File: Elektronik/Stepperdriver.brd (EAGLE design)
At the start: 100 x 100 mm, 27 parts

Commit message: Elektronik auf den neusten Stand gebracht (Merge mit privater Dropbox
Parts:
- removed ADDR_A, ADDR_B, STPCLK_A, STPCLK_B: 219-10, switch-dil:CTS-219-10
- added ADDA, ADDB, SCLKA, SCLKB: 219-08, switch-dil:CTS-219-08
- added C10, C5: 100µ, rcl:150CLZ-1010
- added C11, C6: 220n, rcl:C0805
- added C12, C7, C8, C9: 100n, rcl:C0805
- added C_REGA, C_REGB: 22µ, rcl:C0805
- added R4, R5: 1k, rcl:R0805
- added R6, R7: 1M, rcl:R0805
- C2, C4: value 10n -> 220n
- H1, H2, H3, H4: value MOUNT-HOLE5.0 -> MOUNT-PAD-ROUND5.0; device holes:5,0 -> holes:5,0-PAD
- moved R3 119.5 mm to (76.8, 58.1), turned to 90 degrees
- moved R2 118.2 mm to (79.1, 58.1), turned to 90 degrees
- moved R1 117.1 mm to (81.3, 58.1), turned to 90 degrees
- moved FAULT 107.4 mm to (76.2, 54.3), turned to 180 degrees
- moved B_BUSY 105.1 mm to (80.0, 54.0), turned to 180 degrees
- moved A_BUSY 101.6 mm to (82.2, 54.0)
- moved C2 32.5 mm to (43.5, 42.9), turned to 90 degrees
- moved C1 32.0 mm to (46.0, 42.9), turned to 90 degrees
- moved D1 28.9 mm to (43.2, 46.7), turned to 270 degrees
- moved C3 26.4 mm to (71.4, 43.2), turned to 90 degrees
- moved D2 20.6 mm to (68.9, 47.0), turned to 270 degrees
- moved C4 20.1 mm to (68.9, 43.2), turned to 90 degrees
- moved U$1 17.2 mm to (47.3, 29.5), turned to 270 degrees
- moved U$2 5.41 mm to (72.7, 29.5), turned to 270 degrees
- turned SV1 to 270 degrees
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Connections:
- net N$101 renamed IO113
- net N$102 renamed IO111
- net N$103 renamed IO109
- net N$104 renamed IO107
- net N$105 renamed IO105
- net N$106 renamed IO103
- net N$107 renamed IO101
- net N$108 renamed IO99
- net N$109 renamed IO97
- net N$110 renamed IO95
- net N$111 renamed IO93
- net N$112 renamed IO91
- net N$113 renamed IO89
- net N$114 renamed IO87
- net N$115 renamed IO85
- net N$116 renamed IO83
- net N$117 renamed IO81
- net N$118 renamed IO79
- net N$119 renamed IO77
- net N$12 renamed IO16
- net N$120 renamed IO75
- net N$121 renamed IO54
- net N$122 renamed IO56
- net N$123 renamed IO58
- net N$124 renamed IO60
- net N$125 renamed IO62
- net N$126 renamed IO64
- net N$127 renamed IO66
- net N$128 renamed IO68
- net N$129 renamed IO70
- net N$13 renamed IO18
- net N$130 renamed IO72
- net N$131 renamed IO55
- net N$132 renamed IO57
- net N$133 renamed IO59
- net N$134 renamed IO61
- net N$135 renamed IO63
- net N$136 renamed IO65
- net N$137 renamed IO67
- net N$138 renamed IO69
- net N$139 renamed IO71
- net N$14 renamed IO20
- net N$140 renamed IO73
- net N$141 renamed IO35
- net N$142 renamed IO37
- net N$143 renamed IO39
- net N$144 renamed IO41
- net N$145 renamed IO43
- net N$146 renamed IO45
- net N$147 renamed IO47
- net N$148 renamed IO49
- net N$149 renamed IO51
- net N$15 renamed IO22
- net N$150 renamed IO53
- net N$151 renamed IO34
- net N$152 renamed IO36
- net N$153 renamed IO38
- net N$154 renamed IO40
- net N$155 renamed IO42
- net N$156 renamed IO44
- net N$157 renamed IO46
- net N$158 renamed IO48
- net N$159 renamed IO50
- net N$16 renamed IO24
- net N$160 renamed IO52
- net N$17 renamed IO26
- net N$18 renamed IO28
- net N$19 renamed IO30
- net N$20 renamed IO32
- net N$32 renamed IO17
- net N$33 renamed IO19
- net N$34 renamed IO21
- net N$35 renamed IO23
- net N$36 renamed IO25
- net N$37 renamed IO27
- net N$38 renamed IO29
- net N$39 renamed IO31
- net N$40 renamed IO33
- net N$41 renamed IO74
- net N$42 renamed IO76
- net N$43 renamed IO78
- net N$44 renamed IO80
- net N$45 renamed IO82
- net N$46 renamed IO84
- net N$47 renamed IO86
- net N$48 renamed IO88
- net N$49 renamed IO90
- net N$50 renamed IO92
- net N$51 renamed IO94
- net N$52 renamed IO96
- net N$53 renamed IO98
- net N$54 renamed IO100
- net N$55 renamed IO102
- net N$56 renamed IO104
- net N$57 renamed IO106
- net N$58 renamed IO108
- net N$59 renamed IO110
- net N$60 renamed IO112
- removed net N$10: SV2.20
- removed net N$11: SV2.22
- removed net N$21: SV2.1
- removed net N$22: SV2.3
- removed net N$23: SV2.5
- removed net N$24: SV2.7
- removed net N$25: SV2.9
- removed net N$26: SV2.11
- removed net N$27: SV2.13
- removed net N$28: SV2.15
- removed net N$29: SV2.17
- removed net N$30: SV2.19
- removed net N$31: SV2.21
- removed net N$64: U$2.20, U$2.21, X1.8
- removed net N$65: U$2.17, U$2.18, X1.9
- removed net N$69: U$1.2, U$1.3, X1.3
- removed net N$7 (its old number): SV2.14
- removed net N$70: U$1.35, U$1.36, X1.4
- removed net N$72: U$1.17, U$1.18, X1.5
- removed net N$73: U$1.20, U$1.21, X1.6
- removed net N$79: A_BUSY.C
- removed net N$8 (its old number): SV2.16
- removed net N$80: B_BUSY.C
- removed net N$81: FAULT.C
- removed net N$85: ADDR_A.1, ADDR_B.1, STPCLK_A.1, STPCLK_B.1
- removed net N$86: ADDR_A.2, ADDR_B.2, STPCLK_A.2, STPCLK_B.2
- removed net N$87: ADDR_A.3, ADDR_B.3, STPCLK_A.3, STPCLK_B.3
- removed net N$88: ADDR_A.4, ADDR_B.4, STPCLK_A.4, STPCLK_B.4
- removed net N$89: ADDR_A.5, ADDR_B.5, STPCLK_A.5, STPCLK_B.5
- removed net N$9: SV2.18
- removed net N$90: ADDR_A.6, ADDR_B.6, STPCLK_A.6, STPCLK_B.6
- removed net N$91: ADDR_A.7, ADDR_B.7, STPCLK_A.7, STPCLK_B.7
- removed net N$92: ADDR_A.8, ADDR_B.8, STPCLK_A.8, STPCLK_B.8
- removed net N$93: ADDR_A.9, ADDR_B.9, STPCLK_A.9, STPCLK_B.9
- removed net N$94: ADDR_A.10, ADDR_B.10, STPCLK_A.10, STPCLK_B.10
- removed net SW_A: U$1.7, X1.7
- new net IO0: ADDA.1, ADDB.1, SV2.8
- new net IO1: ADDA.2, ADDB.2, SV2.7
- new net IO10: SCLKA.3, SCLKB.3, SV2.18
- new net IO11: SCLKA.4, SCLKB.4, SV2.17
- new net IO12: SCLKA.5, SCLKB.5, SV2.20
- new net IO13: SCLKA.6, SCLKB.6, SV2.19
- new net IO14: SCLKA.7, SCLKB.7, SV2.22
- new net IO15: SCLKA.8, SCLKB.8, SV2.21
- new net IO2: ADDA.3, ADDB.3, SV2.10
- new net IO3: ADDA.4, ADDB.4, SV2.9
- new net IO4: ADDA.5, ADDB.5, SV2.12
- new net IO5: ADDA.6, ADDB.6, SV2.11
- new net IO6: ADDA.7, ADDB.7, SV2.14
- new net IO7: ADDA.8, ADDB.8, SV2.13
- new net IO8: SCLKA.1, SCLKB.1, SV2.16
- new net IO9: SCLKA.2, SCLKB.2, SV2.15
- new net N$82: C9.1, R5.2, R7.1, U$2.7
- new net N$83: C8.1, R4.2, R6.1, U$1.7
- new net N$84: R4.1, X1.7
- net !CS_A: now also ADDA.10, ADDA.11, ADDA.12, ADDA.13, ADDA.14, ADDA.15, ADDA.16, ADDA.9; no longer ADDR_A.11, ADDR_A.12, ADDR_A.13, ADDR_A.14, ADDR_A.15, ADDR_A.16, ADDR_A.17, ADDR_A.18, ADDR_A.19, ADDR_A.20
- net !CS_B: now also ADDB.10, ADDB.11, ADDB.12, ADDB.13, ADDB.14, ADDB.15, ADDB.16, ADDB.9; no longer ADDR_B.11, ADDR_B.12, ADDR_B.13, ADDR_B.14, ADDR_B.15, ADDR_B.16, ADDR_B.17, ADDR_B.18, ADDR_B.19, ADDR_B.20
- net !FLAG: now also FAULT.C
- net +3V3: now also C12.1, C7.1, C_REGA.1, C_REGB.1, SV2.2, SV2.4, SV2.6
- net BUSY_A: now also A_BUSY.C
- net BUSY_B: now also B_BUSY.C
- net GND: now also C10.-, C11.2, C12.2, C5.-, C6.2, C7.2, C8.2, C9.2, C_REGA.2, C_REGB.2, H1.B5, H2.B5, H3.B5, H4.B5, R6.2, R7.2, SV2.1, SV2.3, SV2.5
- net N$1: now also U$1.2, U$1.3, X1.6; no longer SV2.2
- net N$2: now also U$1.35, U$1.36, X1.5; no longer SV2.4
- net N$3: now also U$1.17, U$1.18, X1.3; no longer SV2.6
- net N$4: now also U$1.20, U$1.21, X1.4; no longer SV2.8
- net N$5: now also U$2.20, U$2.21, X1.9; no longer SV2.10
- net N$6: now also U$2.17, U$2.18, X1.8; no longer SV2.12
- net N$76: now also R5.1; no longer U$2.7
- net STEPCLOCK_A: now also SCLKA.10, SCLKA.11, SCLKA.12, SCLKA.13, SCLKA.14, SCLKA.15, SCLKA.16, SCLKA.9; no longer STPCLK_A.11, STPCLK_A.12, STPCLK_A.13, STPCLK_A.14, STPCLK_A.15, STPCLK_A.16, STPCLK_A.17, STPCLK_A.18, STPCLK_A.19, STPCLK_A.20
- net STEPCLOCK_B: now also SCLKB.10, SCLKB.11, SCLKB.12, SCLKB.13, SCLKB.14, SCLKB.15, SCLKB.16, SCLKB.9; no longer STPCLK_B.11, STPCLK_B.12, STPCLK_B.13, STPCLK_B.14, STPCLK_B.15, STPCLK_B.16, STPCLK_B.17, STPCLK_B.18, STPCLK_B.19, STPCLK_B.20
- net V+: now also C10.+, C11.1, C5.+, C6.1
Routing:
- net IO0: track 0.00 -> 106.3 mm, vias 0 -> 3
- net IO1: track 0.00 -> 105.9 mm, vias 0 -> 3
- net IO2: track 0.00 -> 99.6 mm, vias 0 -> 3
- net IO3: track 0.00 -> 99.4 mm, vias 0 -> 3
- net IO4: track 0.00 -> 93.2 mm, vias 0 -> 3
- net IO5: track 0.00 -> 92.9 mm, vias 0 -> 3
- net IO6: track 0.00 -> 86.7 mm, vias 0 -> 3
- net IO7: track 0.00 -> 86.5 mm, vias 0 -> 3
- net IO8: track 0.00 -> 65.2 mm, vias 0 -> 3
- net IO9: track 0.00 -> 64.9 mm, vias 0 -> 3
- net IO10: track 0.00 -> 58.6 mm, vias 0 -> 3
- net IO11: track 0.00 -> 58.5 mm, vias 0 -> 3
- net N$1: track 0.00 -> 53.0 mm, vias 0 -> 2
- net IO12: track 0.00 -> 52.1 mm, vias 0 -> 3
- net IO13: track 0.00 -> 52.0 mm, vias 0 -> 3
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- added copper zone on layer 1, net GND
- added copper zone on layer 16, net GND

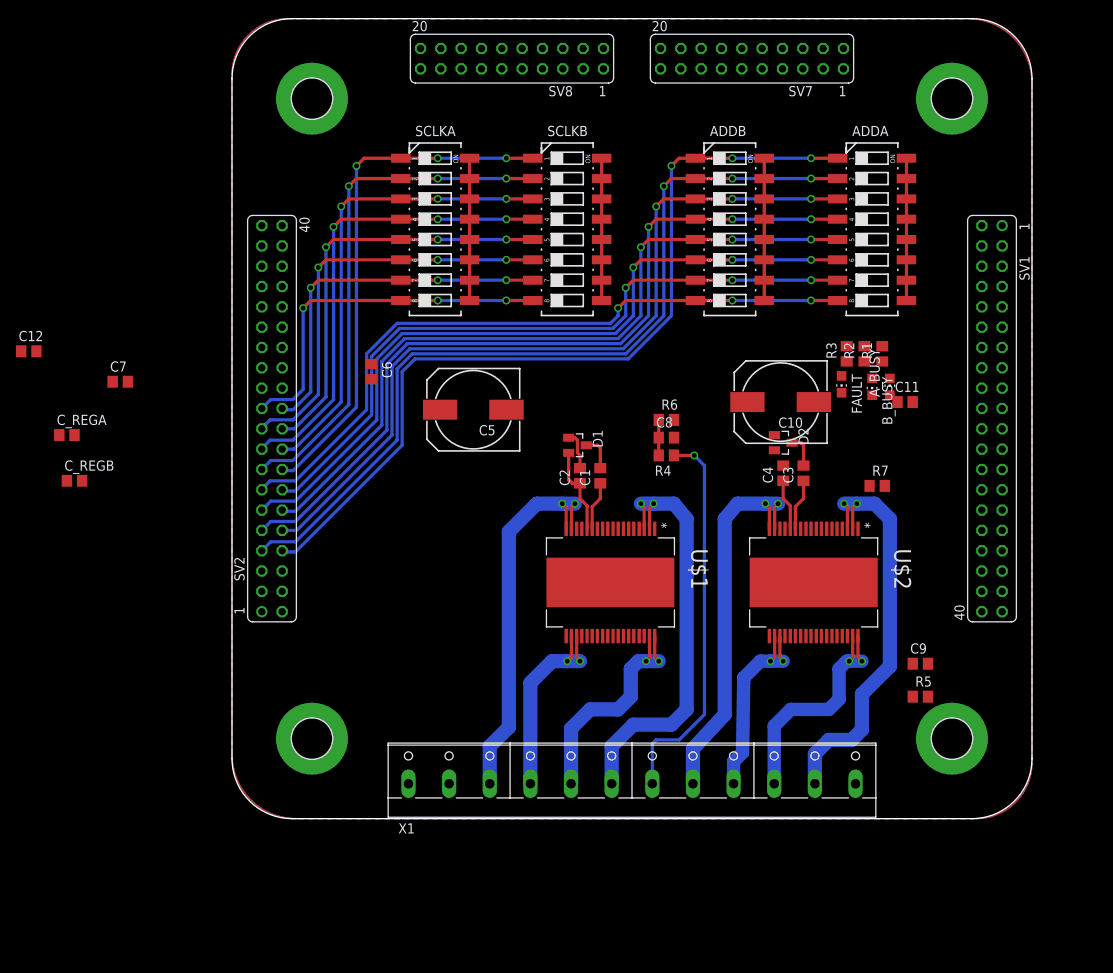
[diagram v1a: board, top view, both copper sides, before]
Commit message: Stepperendstufe weitergeroutet
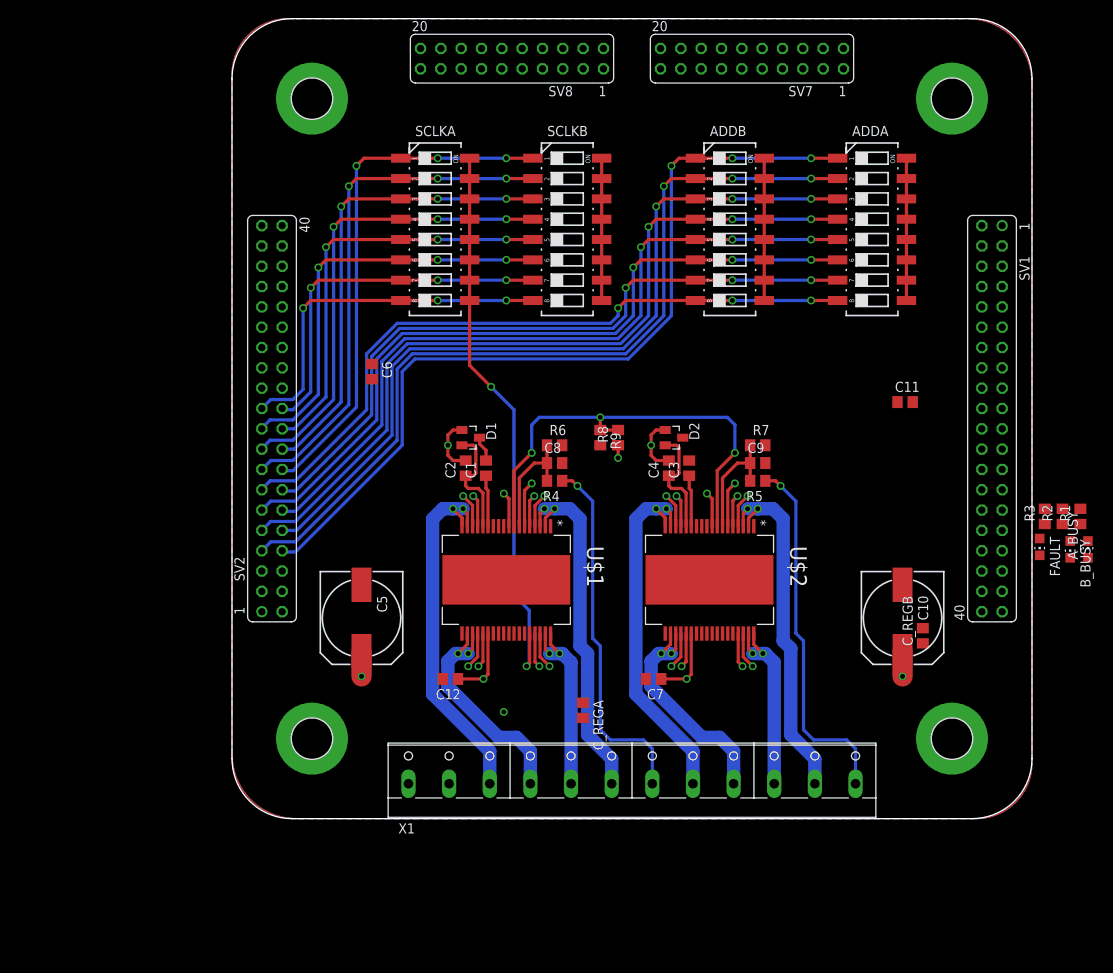
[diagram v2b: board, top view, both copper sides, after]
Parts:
- added R8, R9: 1M, rcl:R0805
- moved C_REGB 107.8 mm to (86.4, 22.9), turned to 90 degrees
- moved C7 76.3 mm to (52.7, 17.5), turned to 180 degrees
- moved C_REGA 73.1 mm to (43.9, 13.5), turned to 270 degrees
- moved C12 66.7 mm to (27.3, 17.5), turned to 180 degrees
- moved R5 33.8 mm to (65.7, 42.2), turned to 180 degrees
- moved C9 32.3 mm to (65.7, 44.5)
- moved A_BUSY 32.0 mm to (107.0, 33.7)
- moved B_BUSY 32.0 mm to (104.8, 33.7)
- moved FAULT 32.0 mm to (101.0, 34.0)
- moved R1 32.0 mm to (106.0, 37.8)
- moved R2 32.0 mm to (103.8, 37.8)
- moved R3 32.0 mm to (101.6, 37.8)
- moved C10 31.0 mm to (83.8, 25.1), turned to 270 degrees
- moved C5 29.5 mm to (16.2, 25.1), turned to 270 degrees
- moved R7 15.8 mm to (65.7, 46.7)
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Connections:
- net ADCIN: now also R8.2, R9.1
- net GND: now also R9.2
- net V+: now also R8.1
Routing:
- net V+: track 4.86 -> 90.6 mm, vias 0 -> 21
- net ADCIN: track 0.00 -> 57.2 mm, vias 0 -> 3
- net STEPCLOCK_A: track 17.8 -> 71.0 mm, vias 0 -> 2
- net N$76: track 0.00 -> 45.7 mm, vias 0 -> 1
- net +3V3: track 0.00 -> 38.4 mm, vias 0 -> 6
- net N$82: track 0.00 -> 14.7 mm
- net N$83: track 4.44 -> 14.7 mm
- net N$1: track 53.0 -> 44.8 mm
- net N$63: track 6.37 -> 14.4 mm
- net N$8: track 51.8 -> 44.8 mm
- net N$7: track 30.4 -> 24.0 mm
- net N$2: track 30.1 -> 24.0 mm
- net N$62: track 4.11 -> 0.00 mm
- net N$6: track 48.9 -> 45.4 mm
- net N$3: track 48.9 -> 45.4 mm
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- added copper zone on layer 15, net +3V3
- added copper zone on layer 2, net V+
=======
What is being asked: Count the lines of the data above where the string "both" shows up; reply with the number only.

Final answer: 2